» **WHAT IS BEING ASKED**
Of the lines below, write out exactly those from the line with "# Drawn here: x" through the line with "doc.linetypes.add('CONTINUO', pattern=[0])", both included, and skip the rest.

» **PROVIDED MATERIAL**
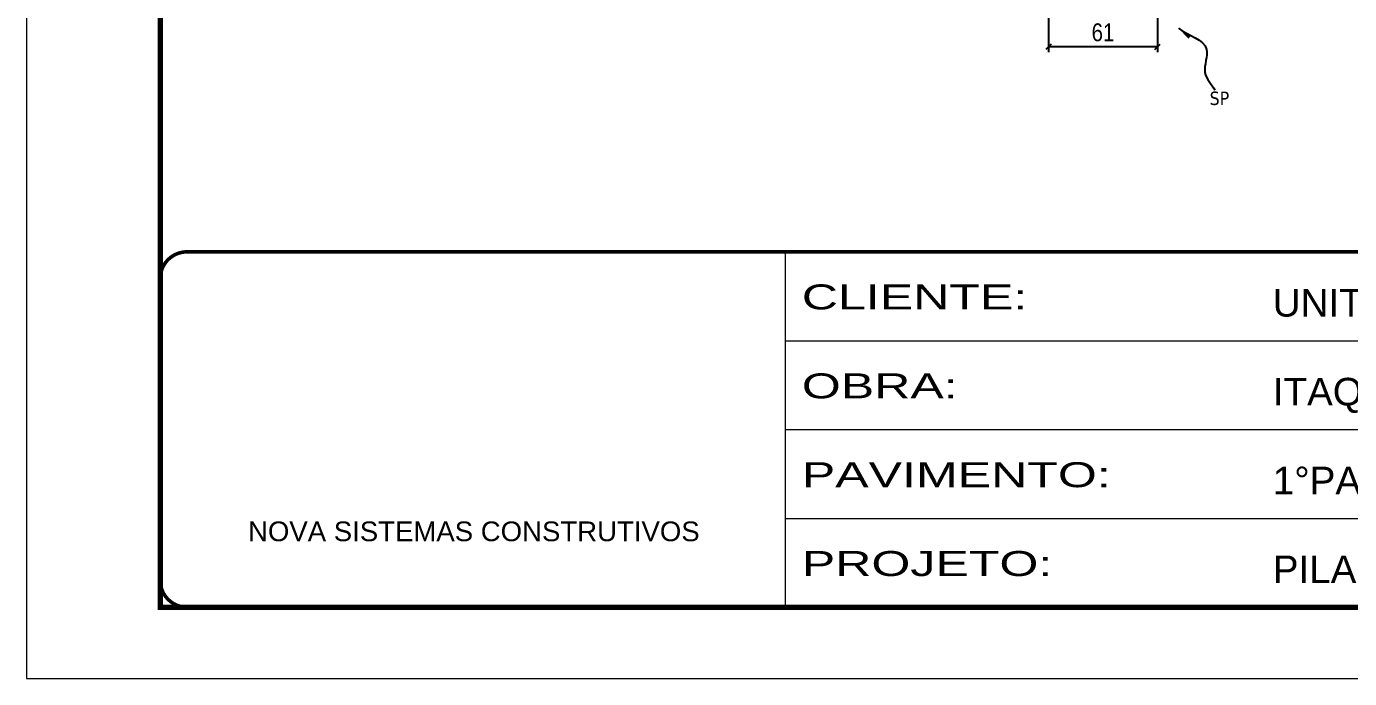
# Model space of a CAD drawing. Extents: x 2296 to 12463, y 760 to 16806.
# Drawn here: x 6068 to 6810, y 13394 to 13760 of the extents above; entities that cross this region are included whole.
import ezdxf

# ---------------------------------------------------------------- set-up
doc = ezdxf.new("R2010")
doc.units = 0
doc.linetypes.add('CONTINUO', pattern=[0])
doc.linetypes.add('DASHED', pattern=[0.75, 0.5, -0.25])
doc.layers.add('COTA', color=241, linetype='Continuous')
doc.layers.add('texto', color=7, linetype='Continuous')
doc.layers.add('Folhas', color=255, linetype='Continuous', lineweight=9)
doc.layers.add('SARRAFO DE PRESSAO', color=251, linetype='DASHED', lineweight=9)
doc.styles.add('ARIAL', font='arial.ttf')
doc.styles.add('COTA TECNICA', font='techl___.ttf', dxfattribs={"height": 10})
doc.styles.get("Standard").update_dxf_attribs({"font": 'arial.ttf'})
doc.styles.add('Tecnologia', font='')
doc.styles.get('Tecnologia').set_extended_font_data('Forgotten Futurist')
doc.dimstyles.new('PAINEL', dxfattribs={"dimtxt": 10, "dimasz": 3, "dimexe": 3, "dimexo": 3, "dimgap": 3, "dimtad": 1, "dimdec": 1, "dimzin": 12, "dimdsep": 46, "dimtxsty": 'COTA TECNICA', "dimblk1": 'OBLIQUE', "dimblk2": 'OBLIQUE', "dimsah": 1, "dimcen": 0.9, "dimclrd": 4, "dimclre": 4, "dimclrt": 240, "dimadec": 1, "dimazin": 3, "dimtfac": 1, "dimtdec": 1, "dimtmove": 0, "dimatfit": 3, "dimfxl": 1, "dimtolj": 1, "dimtzin": 12, "dimarcsym": 0})
doc.dimstyles.get("Standard").update_dxf_attribs({"dimtxt": 0.18, "dimasz": 0.18, "dimexe": 0.18, "dimexo": 0.0625, "dimgap": 0.09, "dimtad": 0, "dimtih": 1, "dimtoh": 1, "dimdec": 4, "dimzin": 0, "dimdsep": 46, "dimtxsty": 'Standard', "dimcen": 0.09, "dimadec": 0, "dimazin": 0, "dimtfac": 1, "dimtdec": 4, "dimtofl": 0, "dimtmove": 0, "dimatfit": 3, "dimfxl": 1, "dimtolj": 1, "dimtzin": 0, "dimarcsym": 0})

# ---------------------------------------------------------------- blocks, each defined once
blk = doc.blocks.new('9999999999')
at = {"color": 30, "linetype": 'CONTINUO'}
for p, q in [((98564.56, 34230.21), (98564.56, 34429.45)), ((98564.56, 34379.64), (99583.98, 34379.64)), ((98564.56, 34329.83), (99487.98, 34329.83)), ((98564.56, 34280.02), (99487.98, 34280.02))]:
    blk.add_line(p, q, dxfattribs=at)
at = {"color": 30, "linetype": 'CONTINUO', "const_width": 2}
blk.add_lwpolyline([(99583.98, 34230.21), (99583.98, 34414.45, 0.414214), (99568.98, 34429.45), (98228.98, 34429.45, 0.414214), (98213.98, 34414.45), (98213.98, 34245.21, 0.414214), (98228.98, 34230.21), (99583.98, 34230.21)], format="xyb", dxfattribs=at)
at = {"layer": 'Folhas'}
blk.add_lwpolyline([(98138.98, 34190.21), (99623.98, 34190.21), (99623.98, 35240.21), (98138.98, 35240.21)], close=True, dxfattribs=at)
at = {"layer": 'Folhas', "color": 30, "const_width": 3}
blk.add_lwpolyline([(98213.98, 34230.21), (99583.98, 34230.21), (99583.98, 35200.21), (98213.98, 35200.21)], close=True, dxfattribs=at)
at = {"color": 7, "linetype": 'Continuous', "ltscale": 5, "style": 'ARIAL'}
for s, height, p in [('UNITÁ ENGENHARIA', 15.4829, (98837.68, 34393.13)), ('ITAQUERA III', 15.4829, (98837.68, 34343.32)), ('1°PAVIMENTO', 15.4829, (98837.68, 34293.51)), ('NOVA SISTEMAS CONSTRUTIVOS', 11.0592, (98263.19, 34267.21)), ('PILARES', 15.483, (98837.68, 34243.7))]:
    blk.add_text(s, height=height, dxfattribs=at).set_placement(p)
at = {"layer": 'Folhas', "color": 7, "style": 'Tecnologia', "width": 1.5}
for s, p in [('CLIENTE:', (98573.65, 34397.17)), ('OBRA:', (98573.65, 34347.31)), ('PAVIMENTO:', (98573.65, 34297.5)), ('PROJETO:', (98573.65, 34247.69))]:
    blk.add_text(s, height=14, dxfattribs=at).set_placement(p)
blk = doc.blocks.new('_Oblique')
at = {"color": 0, "linetype": 'ByBlock', "lineweight": -2}
blk.add_line((-0.5, -0.5), (0.5, 0.5), dxfattribs=at)
blk = doc.blocks.new('*D1623')
at = {"layer": 'COTA', "color": 4, "linetype": 'ByBlock', "lineweight": -2, "transparency": 16777216}
for p, q in [((6641.4, 13782.07), (6641.4, 13745.15)), ((6702.4, 13782.07), (6702.4, 13745.15)), ((6702.4, 13748.15), (6641.4, 13748.15))]:
    blk.add_line(p, q, dxfattribs=at)
at = {"layer": 'Defpoints', "color": 0, "linetype": 'ByBlock', "transparency": 16777216}
for p in [(6641.4, 13785.07), (6702.4, 13785.07), (6641.4, 13748.15)]:
    blk.add_point(p, dxfattribs=at)
at = {"layer": 'COTA', "color": 4, "linetype": 'ByBlock', "lineweight": -2, "transparency": 16777216, "xscale": 3, "yscale": 3, "zscale": 3, "rotation": 180}
blk.add_blockref('_Oblique', (6641.4, 13748.15), dxfattribs=at)
at = {"layer": 'COTA', "color": 4, "linetype": 'ByBlock', "lineweight": -2, "transparency": 16777216, "xscale": 3, "yscale": 3, "zscale": 3}
blk.add_blockref('_Oblique', (6702.4, 13748.15), dxfattribs=at)
at = {"layer": 'COTA', "color": 240, "linetype": 'ByBlock', "transparency": 16777216, "insert": (6671.9, 13756.25), "char_height": 10, "attachment_point": 5, "style": 'COTA TECNICA'}
blk.add_mtext('\\A1;61', dxfattribs=at)

msp = doc.modelspace()

# ---------------------------------------------------------------- block references
at = {"layer": 'SARRAFO DE PRESSAO', "color": 6, "linetype": 'ByBlock'}
msp.add_blockref('9999999999', (-92070.59, -20796.22), dxfattribs=at)

# ---------------------------------------------------------------- texts
at = {"layer": 'texto', "color": 0, "insert": (6737.18, 13719.26), "char_height": 7.5, "attachment_point": 5}
msp.add_mtext('{\\fTahoma|b0|i0|c0|p34;\\C4;SP}', dxfattribs=at)

# ---------------------------------------------------------------- dimensions: what is measured, and where the dimension line sits
at = {"layer": 'COTA', "linetype": 'ByBlock'}
dim = msp.add_linear_dim(base=(6641.4, 13748.15), p1=(6702.4, 13785.07), p2=(6641.4, 13785.07), dimstyle='PAINEL', override={"dimarcsym": 2}, dxfattribs=at)
dim.commit()
dim.dimension.update_dxf_attribs({"geometry": '*D1623', "text_midpoint": (6671.9, 13756.25)})

# ---------------------------------------------------------------- leaders
at = {"layer": 'COTA', "path_type": 1}
msp.add_leader([(6714.23, 13758.57), (6730.02, 13746.74), (6729.09, 13733.73), (6734.65, 13723.95)], dimstyle='Standard', override={"dimasz": 8}, dxfattribs=at)

doc.saveas('drawing.dxf')

» **RESPONSE BOX**
# Drawn here: x 6068 to 6810, y 13394 to 13760 of the extents above; entities that cross this region are included whole.
import ezdxf

# ---------------------------------------------------------------- set-up
doc = ezdxf.new("R2010")
doc.units = 0
doc.linetypes.add('CONTINUO', pattern=[0])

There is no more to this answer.